Pick the cheapest viable form:

  • If a starter recipe matches the user’s source: copy it, adapt the field mappings, ship it.
  • If the source is tree-shaped (JSON, YAML, OSCAL): write a recipe straight against the tree’s iterators. This is the easy case.
  • If the source is messy tabular (the typical case for compliance frameworks): consider whether a marketplace bundle already exists for this source. If yes, prefer downloading the bundle over re-doing the transform.
  • If you’re handwriting transforms: prefer declarative primitives (project, rename, regex-extract, parent-id-to-tree) over imperative scripts. Recipes are data; agents and humans both reason about them mechanically.

Before handing the result back to the user:

  • Every output file conforms to the Tier 1 frontmatter schema
  • Every wikilink resolves (or is intentionally a stub)
  • No duplicate identities (sha256 CIDs unique; CURIEs unique)
  • Provenance recorded (source ref, version, timestamp, recipe hash)
  • File-naming rules followed
  • No filesystem path-length violations on any platform

Use the schema’s machine-readable form (JSON Schema, when published) plus a structural lint over the produced directory.

Return:

  1. The transformed Tier 1 directory (or a clear path to it)
  2. The recipe used (so the user can re-run, audit, modify)
  3. A summary of what landed where (counts: N concept files, M crosswalk edges, K provenance records)
  4. Any known limitations or skipped rows, surfaced explicitly, not buried

Don’t claim the import succeeded if any rows were silently skipped. Surface it.
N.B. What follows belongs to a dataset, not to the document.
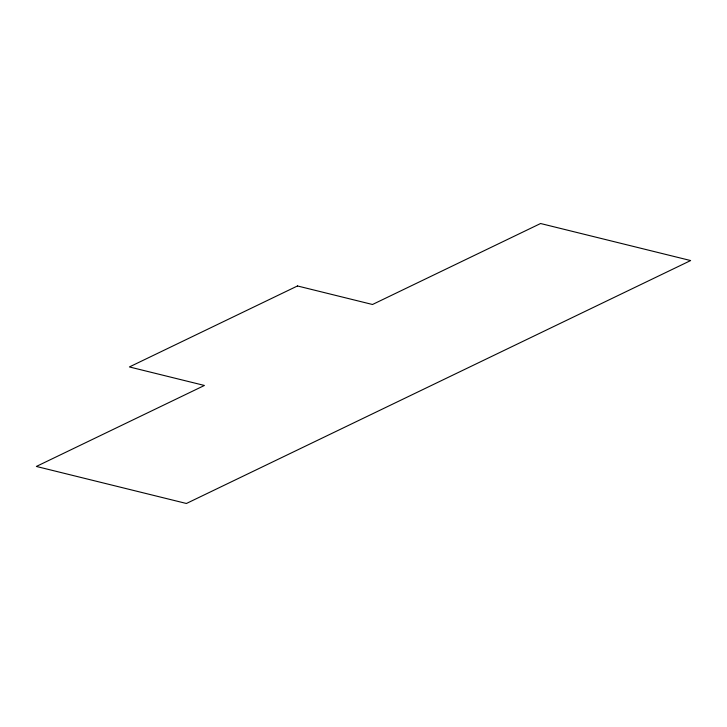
<?xml version="1.0" encoding="UTF-8"?>
<svg xmlns="http://www.w3.org/2000/svg" width="727" height="727" viewBox="0 0 727 727"><rect width="100%" height="100%" fill="white"/><g stroke="black" fill="none" stroke-linecap="round" stroke-linejoin="round"><path stroke-width="1.09" d="M297.479 285.965L129.397 366.944L204.432 385.464L36.35 466.443L186.412 503.484L690.65 260.557L540.588 223.516L372.506 304.495L297.479 285.965"/></g></svg>
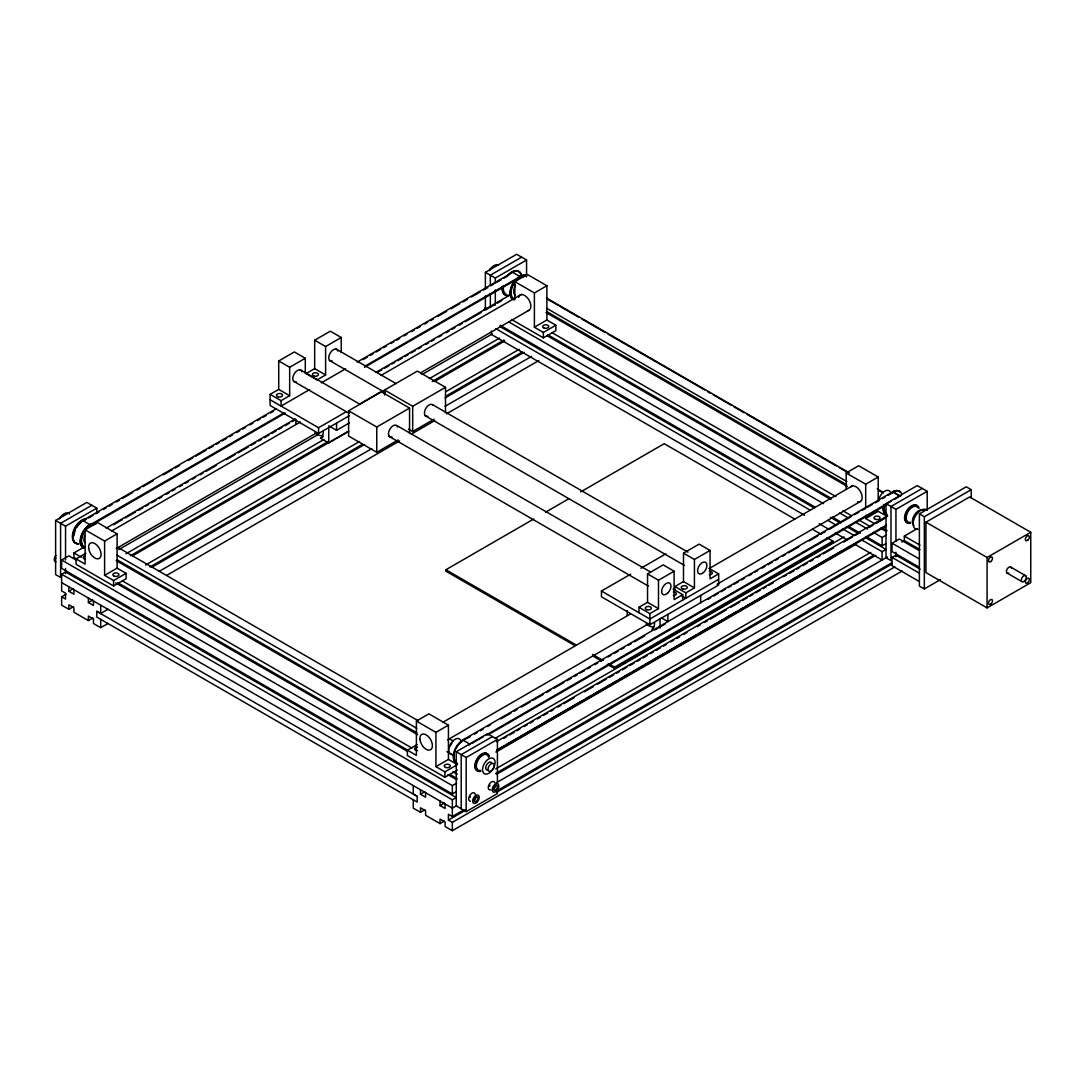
<?xml version="1.0" encoding="UTF-8"?>
<svg xmlns="http://www.w3.org/2000/svg" width="1085" height="1085" viewBox="0 0 1085 1085"><rect width="100%" height="100%" fill="white"/><g stroke="black" fill="none" stroke-linecap="round" stroke-linejoin="round"><path stroke-width="1.5" d="M348.705 431.41L328.741 442.938L320.523 438.191L321.797 436.997A15.475 8.938 60 0 0 323.262 431.532M651.827 629.476L653.116 628.283A15.475 8.938 60 0 0 654.58 622.817M305.292 358.253L289.668 367.286L289.668 395.7L278.723 389.393L278.723 360.966L294.347 351.947L305.292 358.253L305.292 373.308M341.232 337.503L325.608 346.522L325.608 374.949L314.664 368.629L314.664 340.215L330.301 331.183L341.232 337.503L341.232 352.557M349.397 415.677L318.583 433.458L270.124 405.492L270.124 394.343L278.723 389.393M314.664 368.629L306.079 373.593L317.01 379.913L325.608 374.949M91.832 505.284L60.584 523.323L60.584 577.464L55.62 574.602L55.62 520.461L86.868 502.409L96.796 508.146L96.796 513.219M485.388 289.247L485.388 272.335L516.65 254.283L526.564 260.02L526.564 276.933M521.614 257.159L490.352 275.197L490.352 285.355M270.124 394.343L281.069 400.663L289.668 395.7M55.62 520.461L65.548 526.184L96.796 508.146M485.388 272.335L495.316 278.058L526.564 260.02M78.92 543.924A13.59 7.853 -60 0 1 73.224 535.407A13.59 7.853 -60 0 1 81.619 521.153L276.431 408.692M309.605 389.596L281.069 406.075L281.069 400.663M321.296 382.856L345.559 368.846M357.128 362.105L512.676 272.308L520.095 276.661L521.207 276.051A13.59 7.853 -60 0 1 525.777 275.685M82.731 521.41L85.661 519.715M88.604 518.02L92.998 515.483M95.941 513.788L98.871 512.093M103.278 509.543L106.208 507.848M109.151 506.166L112.081 504.471M116.488 501.921L119.418 500.226M122.347 498.53L132.628 492.604M137.022 490.067L139.965 488.372M142.894 486.677L153.161 480.75M163.442 474.81L172.244 469.724M175.173 468.042L179.581 465.492M188.383 460.406L192.791 457.87M195.72 456.175L205.987 450.248M208.93 448.553L213.325 446.003M216.268 444.321L219.197 442.626M222.14 440.93L226.534 438.381M229.464 436.685L232.407 434.99M236.801 432.454L239.744 430.759M242.674 429.063L245.617 427.368M250.011 424.832L252.954 423.136M257.348 420.6L260.291 418.905M263.221 417.21L266.151 415.514M270.558 412.965L273.488 411.269M363 359.596L367.408 357.06M370.338 355.365L373.267 353.669M376.21 351.974L380.604 349.424M383.548 347.729L386.477 346.047M390.885 343.497L393.814 341.802M396.757 340.107L399.687 338.411M404.095 335.875L407.024 334.18M411.432 331.644L414.361 329.948M417.291 328.253L420.234 326.558M424.628 324.008L427.571 322.326M430.501 320.631L433.43 318.936M437.838 316.386L446.64 311.3M451.048 308.764L459.85 303.678M462.78 301.983L467.187 299.446M471.595 296.91L480.397 291.824M483.327 290.129L487.735 287.579M490.664 285.897L493.594 284.202M496.537 282.507L500.931 279.957M503.874 278.262L506.803 276.566M84.182 547.966A13.59 7.853 -60 0 1 80.914 538.119A13.59 7.853 -60 0 1 89.051 525.438L283.85 412.978M364.56 366.391L520.095 276.594L520.095 277.475L364.56 367.272M285.314 413.019L88.55 526.727A12.491 7.215 -60 0 0 81.524 538.689A12.491 7.215 -60 0 0 85.159 547.111M85.078 529.805L97.582 522.577L117.112 533.861L117.112 568.147L104.608 575.362L104.608 541.076L85.078 529.805L85.078 564.091L76.086 558.897L76.086 564.308L113.6 585.968L126.104 578.753L126.104 573.341L117.112 568.147M514.846 281.666L527.351 274.451L546.881 285.735L546.881 320.021L534.39 327.236L534.39 292.95L514.846 281.666L514.846 299.636M106.181 528.124L295.215 418.986M375.803 372.453L509.15 295.459M113.505 524.774L122.293 519.688M125.223 518.006L135.489 512.079M138.419 510.384L142.813 507.848M145.743 506.152L148.672 504.471M151.602 502.775L155.996 500.239M158.925 498.544L161.868 496.849M166.263 494.312L169.192 492.617M172.122 490.922L175.051 489.24M179.445 486.704L182.375 485.009M185.304 483.313L188.234 481.618M192.628 479.082L195.571 477.386M199.965 474.85L202.895 473.168M205.824 471.473L216.078 465.546M226.345 459.62L235.133 454.547M238.063 452.852L248.316 446.939M251.245 445.243L255.64 442.707M258.583 441.012L261.512 439.317M264.442 437.635L268.836 435.085M271.765 433.403L276.16 430.867M279.089 429.172L282.019 427.476M284.948 425.781L289.342 423.245M292.285 421.55L295.215 419.868M377.268 372.48L381.662 369.944M384.592 368.249L389 365.713M391.929 364.031L394.859 362.336M397.788 360.64L402.182 358.104M405.112 356.409L408.041 354.714M410.971 353.032L415.365 350.496M418.295 348.8L421.238 347.105M425.632 344.569L428.561 342.874M431.491 341.178L434.42 339.496M438.815 336.947L441.744 335.265M446.138 332.729L449.068 331.034M452.011 329.338L454.94 327.643M459.335 325.107L462.264 323.411M465.194 321.73L481.306 312.412M485.714 309.876L494.502 304.804M497.432 303.108L501.826 300.572M111.511 531.026L300.423 421.957M380.971 375.451L521.559 294.279M456.242 791.684L452.336 793.949L61.628 568.377L61.628 560.023L68.857 555.859L76.181 560.077M76.872 559.128L73.943 557.432L73.943 552.916L84.06 547.084M104.608 541.076L117.112 533.861M534.39 292.95L546.881 285.735M76.086 558.897L85.81 553.282M61.628 574.236L65.548 571.985L456.242 797.556L452.336 799.808L61.628 574.236L61.628 590.932L65.548 593.183L65.548 599.056L61.628 596.791L61.628 605.145L68.857 609.309L73.251 606.773M270.124 399.768L318.583 427.734L346.373 411.69M359.542 404.081L382.951 390.573M398.154 439.94L376.753 452.296L348.611 436.048L348.611 410.795L381.432 391.848L409.56 408.082L409.56 433.349M384.565 395.089L384.565 390.044L417.386 371.084L445.515 387.331L445.515 412.598M116.258 548.549L316.888 432.712M420.871 372.684L529.249 310.107M118.78 549.593L318.027 434.556M422.051 374.501L492.387 333.895M320.523 438.191L323.371 436.55M328.741 425.795L336.553 430.311L349.397 422.892M126.009 553.77L323.791 439.574M429.28 378.665L499.615 338.072M68.857 586.754L68.857 591.271L73.251 588.735M130.403 555.737L328.185 441.541M432.21 381.486L504.01 340.039M61.628 596.791L66.036 594.255M132.546 555.859L347.919 431.505M434.366 381.594L504.688 341.002M348.611 410.795L376.753 427.029L409.56 408.082M384.565 390.044L412.693 406.278L445.515 387.331M104.608 575.362L113.6 580.556L126.104 573.341M534.39 327.236L543.368 332.43L555.873 325.202L555.873 330.627L543.368 337.842L511.632 319.519M145.539 565.041L359.447 441.541M445.894 391.644L519.145 349.343M88.4 598.038L88.4 602.541L92.795 600.005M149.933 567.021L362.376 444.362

  • Not a substitute for reading the Tier 1 schema. The schema is the contract; this section is orientation.
  • Not the place to dump research deliverables — those live in zz-research/.
  • Not the decision log — that’s zz-log/.
  • Not the active research-question surface — that’s zz-challenges/.

This section exists to help agents do the work, not to discuss whether to do the work.